== WORK REQUEST ==
Leave out every line before the one that contains "#141=AXIS2_PLACEMENT_3D('',#138,#139,#140);". Please restate that line and the rest of the data word for word, through the end.

== RECORDS SUPPLIED ==
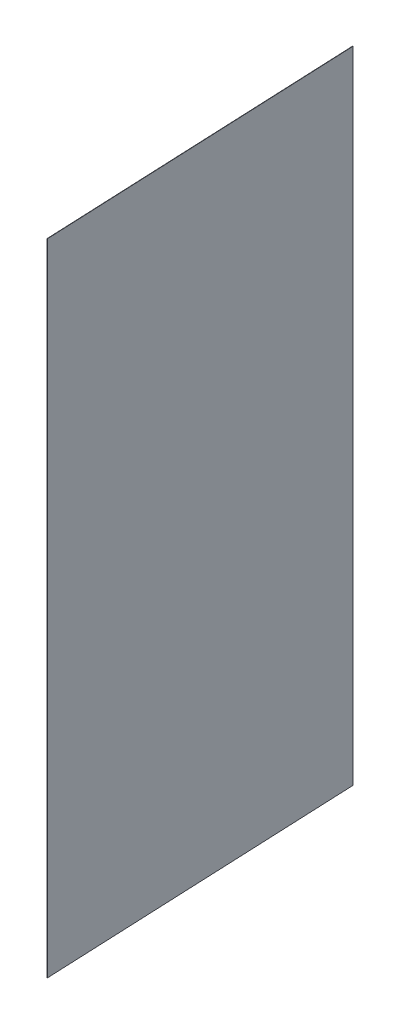
ISO-10303-21;
HEADER;
FILE_DESCRIPTION(('STEP AP214'),'2;1');
FILE_NAME('part.step','',(''),(''),'','','');
FILE_SCHEMA(('AUTOMOTIVE_DESIGN { 1 0 10303 214 1 1 1 1 }'));
ENDSEC;
DATA;
#1=APPLICATION_CONTEXT('core data for automotive mechanical design processes');
#2=APPLICATION_PROTOCOL_DEFINITION('international standard','automotive_design',2000,#1);
#3=PRODUCT_CONTEXT('',#1,'mechanical');
#4=PRODUCT('Part','Part','',(#3));
#5=PRODUCT_RELATED_PRODUCT_CATEGORY('part','',(#4));
#6=PRODUCT_DEFINITION_FORMATION('','',#4);
#7=PRODUCT_DEFINITION_CONTEXT('part definition',#1,'design');
#8=PRODUCT_DEFINITION('design','',#6,#7);
#9=PRODUCT_DEFINITION_SHAPE('','',#8);
#10=(LENGTH_UNIT() NAMED_UNIT(*) SI_UNIT(.MILLI.,.METRE.));
#11=(NAMED_UNIT(*) PLANE_ANGLE_UNIT() SI_UNIT($,.RADIAN.));
#12=(NAMED_UNIT(*) SI_UNIT($,.STERADIAN.) SOLID_ANGLE_UNIT());
#13=UNCERTAINTY_MEASURE_WITH_UNIT(LENGTH_MEASURE(1.E-05),#10,'distance_accuracy_value','');
#14=(GEOMETRIC_REPRESENTATION_CONTEXT(3) GLOBAL_UNCERTAINTY_ASSIGNED_CONTEXT((#13)) GLOBAL_UNIT_ASSIGNED_CONTEXT((#10,
#11,#12)) REPRESENTATION_CONTEXT('',''));
#15=CARTESIAN_POINT('',(0.,0.,0.));
#16=DIRECTION('',(0.,0.,1.));
#17=DIRECTION('',(1.,0.,0.));
#18=AXIS2_PLACEMENT_3D('',#15,#16,#17);
#19=CARTESIAN_POINT('',(0.948420111162285,50.8000000070577,41.8959473577808));
#20=DIRECTION('',(-0.999048221598574,0.,0.0436193869824734));
#21=DIRECTION('',(0.,1.,0.));
#22=AXIS2_PLACEMENT_3D('',#19,#20,#21);
#23=PLANE('',#22);
#24=DIRECTION('',(-0.0436193869824734,0.,-0.999048221598574));
#25=VECTOR('',#24,1.);
#26=CARTESIAN_POINT('',(0.394453896484878,25.4000000070577,29.2080349434789));
#27=LINE('',#26,#25);
#28=CARTESIAN_POINT('',(1.5023863258397,25.4000000070577,54.5838597720827));
#29=VERTEX_POINT('',#28);
#30=CARTESIAN_POINT('',(0.394453896484878,25.4000000070577,29.2080349434789));
#31=VERTEX_POINT('',#30);
#32=EDGE_CURVE('E78',#29,#31,#27,.T.);
#33=ORIENTED_EDGE('',*,*,#32,.F.);
#34=DIRECTION('',(0.,-1.,0.));
#35=VECTOR('',#34,1.);
#36=CARTESIAN_POINT('',(1.5023863258397,25.4000000070577,54.5838597720827));
#37=LINE('',#36,#35);
#38=CARTESIAN_POINT('',(1.50238632583969,76.2000000070577,54.5838597720827));
#39=VERTEX_POINT('',#38);
#40=EDGE_CURVE('E28',#39,#29,#37,.T.);
#41=ORIENTED_EDGE('',*,*,#40,.F.);
#42=DIRECTION('',(0.0436193869824734,0.,0.999048221598574));
#43=VECTOR('',#42,1.);
#44=CARTESIAN_POINT('',(0.394453896484867,76.2000000070577,29.2080349434789));
#45=LINE('',#44,#43);
#46=CARTESIAN_POINT('',(0.394453896484867,76.2000000070577,29.2080349434789));
#47=VERTEX_POINT('',#46);
#48=EDGE_CURVE('E89',#47,#39,#45,.T.);
#49=ORIENTED_EDGE('',*,*,#48,.F.);
#50=DIRECTION('',(0.,1.,0.));
#51=VECTOR('',#50,1.);
#52=CARTESIAN_POINT('',(0.394453896484878,25.4000000070577,29.2080349434789));
#53=LINE('',#52,#51);
#54=EDGE_CURVE('E55',#31,#47,#53,.T.);
#55=ORIENTED_EDGE('',*,*,#54,.F.);
#56=EDGE_LOOP('',(#33,#41,#49,#55));
#57=FACE_BOUND('',#56,.T.);
#58=ADVANCED_FACE('F17',(#57),#23,.T.);
#59=CARTESIAN_POINT('',(0.973795935990889,50.8000000070577,41.8948394253514));
#60=DIRECTION('',(-0.999048221598574,0.,0.0436193869824734));
#61=DIRECTION('',(0.,1.,0.));
#62=AXIS2_PLACEMENT_3D('',#59,#60,#61);
#63=PLANE('',#62);
#64=DIRECTION('',(-0.0436193869824734,0.,-0.999048221598574));
#65=VECTOR('',#64,1.);
#66=CARTESIAN_POINT('',(0.419829721313482,25.4000000070577,29.2069270110495));
#67=LINE('',#66,#65);
#68=CARTESIAN_POINT('',(1.52776215066831,25.4000000070577,54.5827518396533));
#69=VERTEX_POINT('',#68);
#70=CARTESIAN_POINT('',(0.419829721313482,25.4000000070577,29.2069270110495));
#71=VERTEX_POINT('',#70);
#72=EDGE_CURVE('E80',#69,#71,#67,.T.);
#73=ORIENTED_EDGE('',*,*,#72,.T.);
#74=DIRECTION('',(0.,1.,0.));
#75=VECTOR('',#74,1.);
#76=CARTESIAN_POINT('',(0.419829721313482,25.4000000070577,29.2069270110495));
#77=LINE('',#76,#75);
#78=CARTESIAN_POINT('',(0.419829721313471,76.2000000070577,29.2069270110495));
#79=VERTEX_POINT('',#78);
#80=EDGE_CURVE('E91',#71,#79,#77,.T.);
#81=ORIENTED_EDGE('',*,*,#80,.T.);
#82=DIRECTION('',(0.0436193869824734,0.,0.999048221598574));
#83=VECTOR('',#82,1.);
#84=CARTESIAN_POINT('',(0.419829721313471,76.2000000070577,29.2069270110495));
#85=LINE('',#84,#83);
#86=CARTESIAN_POINT('',(1.5277621506683,76.2000000070577,54.5827518396533));
#87=VERTEX_POINT('',#86);
#88=EDGE_CURVE('E72',#79,#87,#85,.T.);
#89=ORIENTED_EDGE('',*,*,#88,.T.);
#90=DIRECTION('',(0.,-1.,0.));
#91=VECTOR('',#90,1.);
#92=CARTESIAN_POINT('',(1.52776215066831,25.4000000070577,54.5827518396533));
#93=LINE('',#92,#91);
#94=EDGE_CURVE('E11',#87,#69,#93,.T.);
#95=ORIENTED_EDGE('',*,*,#94,.T.);
#96=EDGE_LOOP('',(#73,#81,#89,#95));
#97=FACE_BOUND('',#96,.T.);
#98=ADVANCED_FACE('F115',(#97),#63,.F.);
#99=CARTESIAN_POINT('',(1.52776215066831,25.4000000070577,54.5827518396533));
#100=DIRECTION('',(-0.0436193869824734,0.,-0.999048221598574));
#101=DIRECTION('',(-0.999048221598574,0.,0.0436193869824734));
#102=AXIS2_PLACEMENT_3D('',#99,#100,#101);
#103=PLANE('',#102);
#104=ORIENTED_EDGE('',*,*,#40,.T.);
#105=DIRECTION('',(-0.999048221598574,0.,0.0436193869824734));
#106=VECTOR('',#105,1.);
#107=CARTESIAN_POINT('',(1.52776215066831,25.4000000070577,54.5827518396533));
#108=LINE('',#107,#106);
#109=EDGE_CURVE('E66',#69,#29,#108,.T.);
#110=ORIENTED_EDGE('',*,*,#109,.F.);
#111=ORIENTED_EDGE('',*,*,#94,.F.);
#112=DIRECTION('',(-0.999048221598574,0.,0.0436193869824734));
#113=VECTOR('',#112,1.);
#114=CARTESIAN_POINT('',(1.5277621506683,76.2000000070577,54.5827518396533));
#115=LINE('',#114,#113);
#116=EDGE_CURVE('E69',#87,#39,#115,.T.);
#117=ORIENTED_EDGE('',*,*,#116,.T.);
#118=EDGE_LOOP('',(#104,#110,#111,#117));
#119=FACE_BOUND('',#118,.T.);
#120=ADVANCED_FACE('F65',(#119),#103,.F.);
#121=CARTESIAN_POINT('',(0.419829721313471,76.2000000070577,29.2069270110495));
#122=DIRECTION('',(0.,-1.,0.));
#123=DIRECTION('',(0.,0.,-1.));
#124=AXIS2_PLACEMENT_3D('',#121,#122,#123);
#125=PLANE('',#124);
#126=ORIENTED_EDGE('',*,*,#48,.T.);
#127=ORIENTED_EDGE('',*,*,#116,.F.);
#128=ORIENTED_EDGE('',*,*,#88,.F.);
#129=DIRECTION('',(-0.999048221598574,0.,0.0436193869824734));
#130=VECTOR('',#129,1.);
#131=CARTESIAN_POINT('',(0.419829721313471,76.2000000070577,29.2069270110495));
#132=LINE('',#131,#130);
#133=EDGE_CURVE('E95',#79,#47,#132,.T.);
#134=ORIENTED_EDGE('',*,*,#133,.T.);
#135=EDGE_LOOP('',(#126,#127,#128,#134));
#136=FACE_BOUND('',#135,.T.);
#137=ADVANCED_FACE('F110',(#136),#125,.F.);
#138=CARTESIAN_POINT('',(0.419829721313482,25.4000000070577,29.2069270110495));
#139=DIRECTION('',(0.0436193869824734,0.,0.999048221598574));
#140=DIRECTION('',(0.,-1.,0.));
#141=AXIS2_PLACEMENT_3D('',#138,#139,#140);
#142=PLANE('',#141);
#143=ORIENTED_EDGE('',*,*,#54,.T.);
#144=ORIENTED_EDGE('',*,*,#133,.F.);
#145=ORIENTED_EDGE('',*,*,#80,.F.);
#146=DIRECTION('',(-0.999048221598574,0.,0.0436193869824734));
#147=VECTOR('',#146,1.);
#148=CARTESIAN_POINT('',(0.419829721313482,25.4000000070577,29.2069270110495));
#149=LINE('',#148,#147);
#150=EDGE_CURVE('E21',#71,#31,#149,.T.);
#151=ORIENTED_EDGE('',*,*,#150,.T.);
#152=EDGE_LOOP('',(#143,#144,#145,#151));
#153=FACE_BOUND('',#152,.T.);
#154=ADVANCED_FACE('F19',(#153),#142,.F.);
#155=CARTESIAN_POINT('',(0.419829721313482,25.4000000070577,29.2069270110495));
#156=DIRECTION('',(0.,1.,0.));
#157=DIRECTION('',(1.,0.,0.));
#158=AXIS2_PLACEMENT_3D('',#155,#156,#157);
#159=PLANE('',#158);
#160=ORIENTED_EDGE('',*,*,#32,.T.);
#161=ORIENTED_EDGE('',*,*,#150,.F.);
#162=ORIENTED_EDGE('',*,*,#72,.F.);
#163=ORIENTED_EDGE('',*,*,#109,.T.);
#164=EDGE_LOOP('',(#160,#161,#162,#163));
#165=FACE_BOUND('',#164,.T.);
#166=ADVANCED_FACE('F76',(#165),#159,.F.);
#167=CLOSED_SHELL('',(#58,#98,#120,#137,#154,#166));
#168=MANIFOLD_SOLID_BREP('B1',#167);
#169=ADVANCED_BREP_SHAPE_REPRESENTATION('',(#18,#168),#14);
#170=SHAPE_DEFINITION_REPRESENTATION(#9,#169);
ENDSEC;
END-ISO-10303-21;

== RESULT ==
#141=AXIS2_PLACEMENT_3D('',#138,#139,#140);
#142=PLANE('',#141);
#143=ORIENTED_EDGE('',*,*,#54,.T.);
#144=ORIENTED_EDGE('',*,*,#133,.F.);
#145=ORIENTED_EDGE('',*,*,#80,.F.);
#146=DIRECTION('',(-0.999048221598574,0.,0.0436193869824734));
#147=VECTOR('',#146,1.);
#148=CARTESIAN_POINT('',(0.419829721313482,25.4000000070577,29.2069270110495));
#149=LINE('',#148,#147);
#150=EDGE_CURVE('E21',#71,#31,#149,.T.);
#151=ORIENTED_EDGE('',*,*,#150,.T.);
#152=EDGE_LOOP('',(#143,#144,#145,#151));
#153=FACE_BOUND('',#152,.T.);
#154=ADVANCED_FACE('F19',(#153),#142,.F.);
#155=CARTESIAN_POINT('',(0.419829721313482,25.4000000070577,29.2069270110495));
#156=DIRECTION('',(0.,1.,0.));
#157=DIRECTION('',(1.,0.,0.));
#158=AXIS2_PLACEMENT_3D('',#155,#156,#157);
#159=PLANE('',#158);
#160=ORIENTED_EDGE('',*,*,#32,.T.);
#161=ORIENTED_EDGE('',*,*,#150,.F.);
#162=ORIENTED_EDGE('',*,*,#72,.F.);
#163=ORIENTED_EDGE('',*,*,#109,.T.);
#164=EDGE_LOOP('',(#160,#161,#162,#163));
#165=FACE_BOUND('',#164,.T.);
#166=ADVANCED_FACE('F76',(#165),#159,.F.);
#167=CLOSED_SHELL('',(#58,#98,#120,#137,#154,#166));
#168=MANIFOLD_SOLID_BREP('B1',#167);
#169=ADVANCED_BREP_SHAPE_REPRESENTATION('',(#18,#168),#14);
#170=SHAPE_DEFINITION_REPRESENTATION(#9,#169);
ENDSEC;
END-ISO-10303-21;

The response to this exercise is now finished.